* **PROVIDED INFORMATION**
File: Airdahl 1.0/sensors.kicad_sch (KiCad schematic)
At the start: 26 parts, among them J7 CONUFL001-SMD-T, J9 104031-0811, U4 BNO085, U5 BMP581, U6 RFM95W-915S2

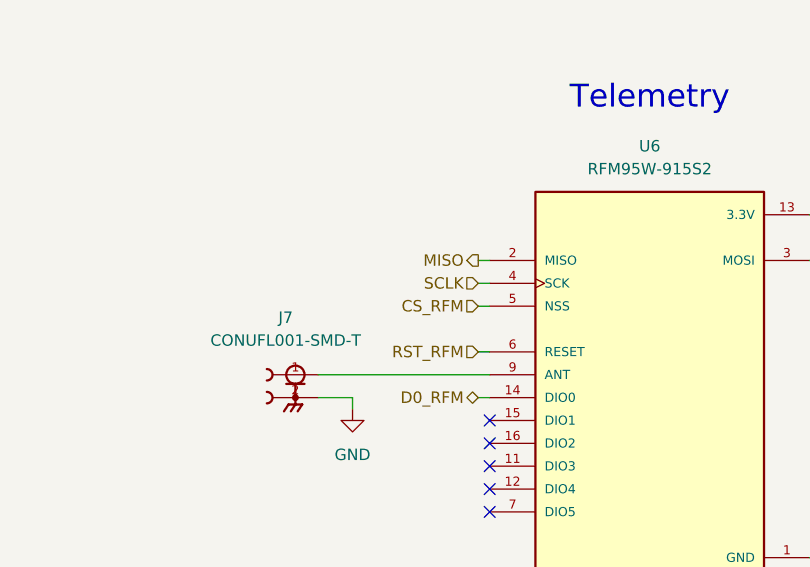
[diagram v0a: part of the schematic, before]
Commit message: H-Bridge wiring + motor ports, cleaned up carrier schematics, added MISO source terminating resistors on carriers
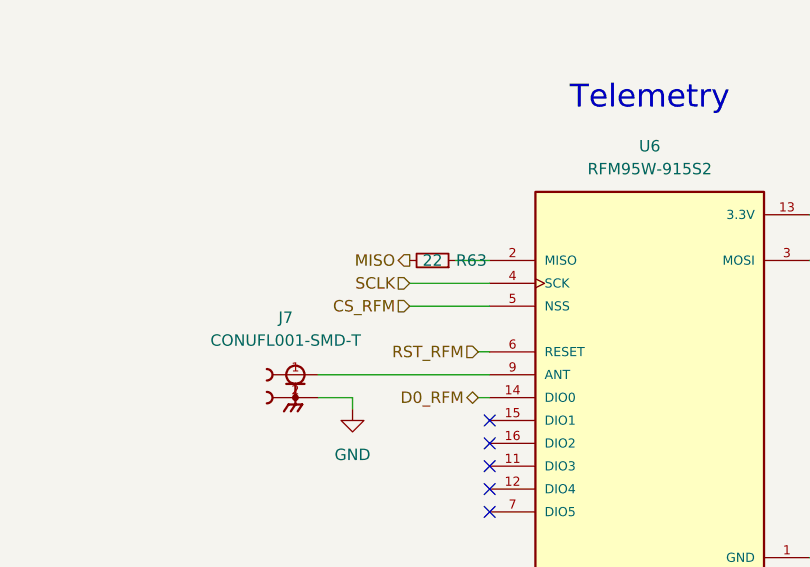
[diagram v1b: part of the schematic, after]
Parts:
- added R63: 22, Resistor_SMD:R_0402_1005Metric, symbol Device:R_Small
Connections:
- net MISO: now also R63.2; no longer U6.2 (MISO)
- new net: R63.1, U6.2 (MISO)
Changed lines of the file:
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@@
 	(wire
 		(pts
-			(xy 218.44 102.87) (xy 219.71 102.87)
+			(xy 210.82 102.87) (xy 219.71 102.87)
 		)
 		(stroke
@@
 	(wire
 		(pts
-			(xy 218.44 100.33) (xy 219.71 100.33)
+			(xy 210.82 100.33) (xy 219.71 100.33)
 		)
 		(stroke
@@
 	(wire
 		(pts
-			(xy 218.44 97.79) (xy 219.71 97.79)
-		)
-		(stroke
-			(width 0)
-			(type default)
-		)
-	)
-	(wire
-		(pts
 			(xy 52.07 146.05) (xy 48.26 146.05)
 		)
@@
 	(wire
 		(pts
+			(xy 215.9 97.79) (xy 219.71 97.79)
+		)
+		(stroke
+			(width 0)
+			(type default)
+		)
+	)
+	(wire
+		(pts
 			(xy 96.52 48.26) (xy 111.76 48.26)
 		)
@@
 	(hierarchical_label "SCLK"
 		(shape input)
-		(at 218.44 100.33 180)
+		(at 210.82 100.33 180)
 		(effects
 			(font
@@
 	(hierarchical_label "MISO"
 		(shape output)
-		(at 218.44 97.79 180)
+		(at 210.82 97.79 180)
 		(effects
 			(font
@@
 	(hierarchical_label "CS_RFM"
 		(shape input)
-		(at 218.44 102.87 180)
+		(at 210.82 102.87 180)
 		(effects
 			(font
@@
 					(unit 1)
 				)
+			)
+		)
+	)
+	(symbol
+		(lib_id "Device:R_Small")
+		(at 213.36 97.79 270)
+		(mirror x)
+		(unit 1)
+		(body_style 1)
+		(exclude_from_sim no)
+		(in_bom yes)
+		(on_board yes)
+		(in_pos_files yes)
+		(dnp no)
+		(property "Reference" "R63"
+			(at 217.678 97.79 90)
+			(show_name no)
+			(do_not_autoplace no)
+			(effects
+				(font
+					(size 1.27 1.27)
+				)
+			)
+		)
+		(property "Value" "22"
+			(at 213.36 97.79 90)
+			(show_name no)
+			(do_not_autoplace no)
+			(effects
+				(font
+					(size 1.27 1.27)
+				)
+			)
+		)
+		(property "Footprint" "Resistor_SMD:R_0402_1005Metric"
+			(at 213.36 97.79 0)
+			(hide yes)
+			(show_name no)
+			(do_not_autoplace no)
+			(effects
+				(font
+					(size 1.27 1.27)
+				)
+			)
+		)
+		(property "Datasheet" ""
+			(at 213.36 97.79 0)
+			(hide yes)
+			(show_name no)
+			(do_not_autoplace no)
+			(effects
+				(font
+					(size 1.27 1.27)
+				)
+			)
+		)
+		(property "Description" "Resistor, small symbol"
+			(at 213.36 97.79 0)
+			(hide yes)
+			(show_name no)
+			(do_not_autoplace no)
+			(effects
+				(font
+					(size 1.27 1.27)
+				)
+			)
+		)
+		(pin "2"
+		)
+		(pin "1"
+		)
+		(instances
+			(project "Airdahl 1.0"
+				(path "/e2c992a5-0f37-48ff-88a4-7c40cfcda45e/bd752d91-9d5e-4749-819a-1163586784de"
+					(reference "R63")
+					(unit 1)
+				)

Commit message: some updates, mostly comments after schematic review
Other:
- note added: "On RFM95W board, there isn't any impedance matching to antenna port. Double check that RFM95W to Pi/Arduino communication works"
- note added: "SDIO rather than SPI"
- note added: "double check SDIO pull-ups, including value."
- moved on the sheet: C17, J9, R52, R53, R54, R55, R56, R57

* **ACTION ITEM**
Exclude images. Return the data above verbatim.

* **SOLUTION BELOW**
File: Airdahl 1.0/sensors.kicad_sch (KiCad schematic)
At the start: 26 parts, among them J7 CONUFL001-SMD-T, J9 104031-0811, U4 BNO085, U5 BMP581, U6 RFM95W-915S2

[diagram v0a: part of the schematic, before]
Commit message: H-Bridge wiring + motor ports, cleaned up carrier schematics, added MISO source terminating resistors on carriers
[diagram v1b: part of the schematic, after]
Parts:
- added R63: 22, Resistor_SMD:R_0402_1005Metric, symbol Device:R_Small
Connections:
- net MISO: now also R63.2; no longer U6.2 (MISO)
- new net: R63.1, U6.2 (MISO)
Changed lines of the file:
@@
 	(wire
 		(pts
-			(xy 218.44 102.87) (xy 219.71 102.87)
+			(xy 210.82 102.87) (xy 219.71 102.87)
 		)
 		(stroke
@@
 	(wire
 		(pts
-			(xy 218.44 100.33) (xy 219.71 100.33)
+			(xy 210.82 100.33) (xy 219.71 100.33)
 		)
 		(stroke
@@
 	(wire
 		(pts
-			(xy 218.44 97.79) (xy 219.71 97.79)
-		)
-		(stroke
-			(width 0)
-			(type default)
-		)
-	)
-	(wire
-		(pts
 			(xy 52.07 146.05) (xy 48.26 146.05)
 		)
@@
 	(wire
 		(pts
+			(xy 215.9 97.79) (xy 219.71 97.79)
+		)
+		(stroke
+			(width 0)
+			(type default)
+		)
+	)
+	(wire
+		(pts
 			(xy 96.52 48.26) (xy 111.76 48.26)
 		)
@@
 	(hierarchical_label "SCLK"
 		(shape input)
-		(at 218.44 100.33 180)
+		(at 210.82 100.33 180)
 		(effects
 			(font
@@
 	(hierarchical_label "MISO"
 		(shape output)
-		(at 218.44 97.79 180)
+		(at 210.82 97.79 180)
 		(effects
 			(font
@@
 	(hierarchical_label "CS_RFM"
 		(shape input)
-		(at 218.44 102.87 180)
+		(at 210.82 102.87 180)
 		(effects
 			(font
@@
 					(unit 1)
 				)
+			)
+		)
+	)
+	(symbol
+		(lib_id "Device:R_Small")
+		(at 213.36 97.79 270)
+		(mirror x)
+		(unit 1)
+		(body_style 1)
+		(exclude_from_sim no)
+		(in_bom yes)
+		(on_board yes)
+		(in_pos_files yes)
+		(dnp no)
+		(property "Reference" "R63"
+			(at 217.678 97.79 90)
+			(show_name no)
+			(do_not_autoplace no)
+			(effects
+				(font
+					(size 1.27 1.27)
+				)
+			)
+		)
+		(property "Value" "22"
+			(at 213.36 97.79 90)
+			(show_name no)
+			(do_not_autoplace no)
+			(effects
+				(font
+					(size 1.27 1.27)
+				)
+			)
+		)
+		(property "Footprint" "Resistor_SMD:R_0402_1005Metric"
+			(at 213.36 97.79 0)
+			(hide yes)
+			(show_name no)
+			(do_not_autoplace no)
+			(effects
+				(font
+					(size 1.27 1.27)
+				)
+			)
+		)
+		(property "Datasheet" ""
+			(at 213.36 97.79 0)
+			(hide yes)
+			(show_name no)
+			(do_not_autoplace no)
+			(effects
+				(font
+					(size 1.27 1.27)
+				)
+			)
+		)
+		(property "Description" "Resistor, small symbol"
+			(at 213.36 97.79 0)
+			(hide yes)
+			(show_name no)
+			(do_not_autoplace no)
+			(effects
+				(font
+					(size 1.27 1.27)
+				)
+			)
+		)
+		(pin "2"
+		)
+		(pin "1"
+		)
+		(instances
+			(project "Airdahl 1.0"
+				(path "/e2c992a5-0f37-48ff-88a4-7c40cfcda45e/bd752d91-9d5e-4749-819a-1163586784de"
+					(reference "R63")
+					(unit 1)
+				)

Commit message: some updates, mostly comments after schematic review
Other:
- note added: "On RFM95W board, there isn't any impedance matching to antenna port. Double check that RFM95W to Pi/Arduino communication works"
- note added: "SDIO rather than SPI"
- note added: "double check SDIO pull-ups, including value."
- moved on the sheet: C17, J9, R52, R53, R54, R55, R56, R57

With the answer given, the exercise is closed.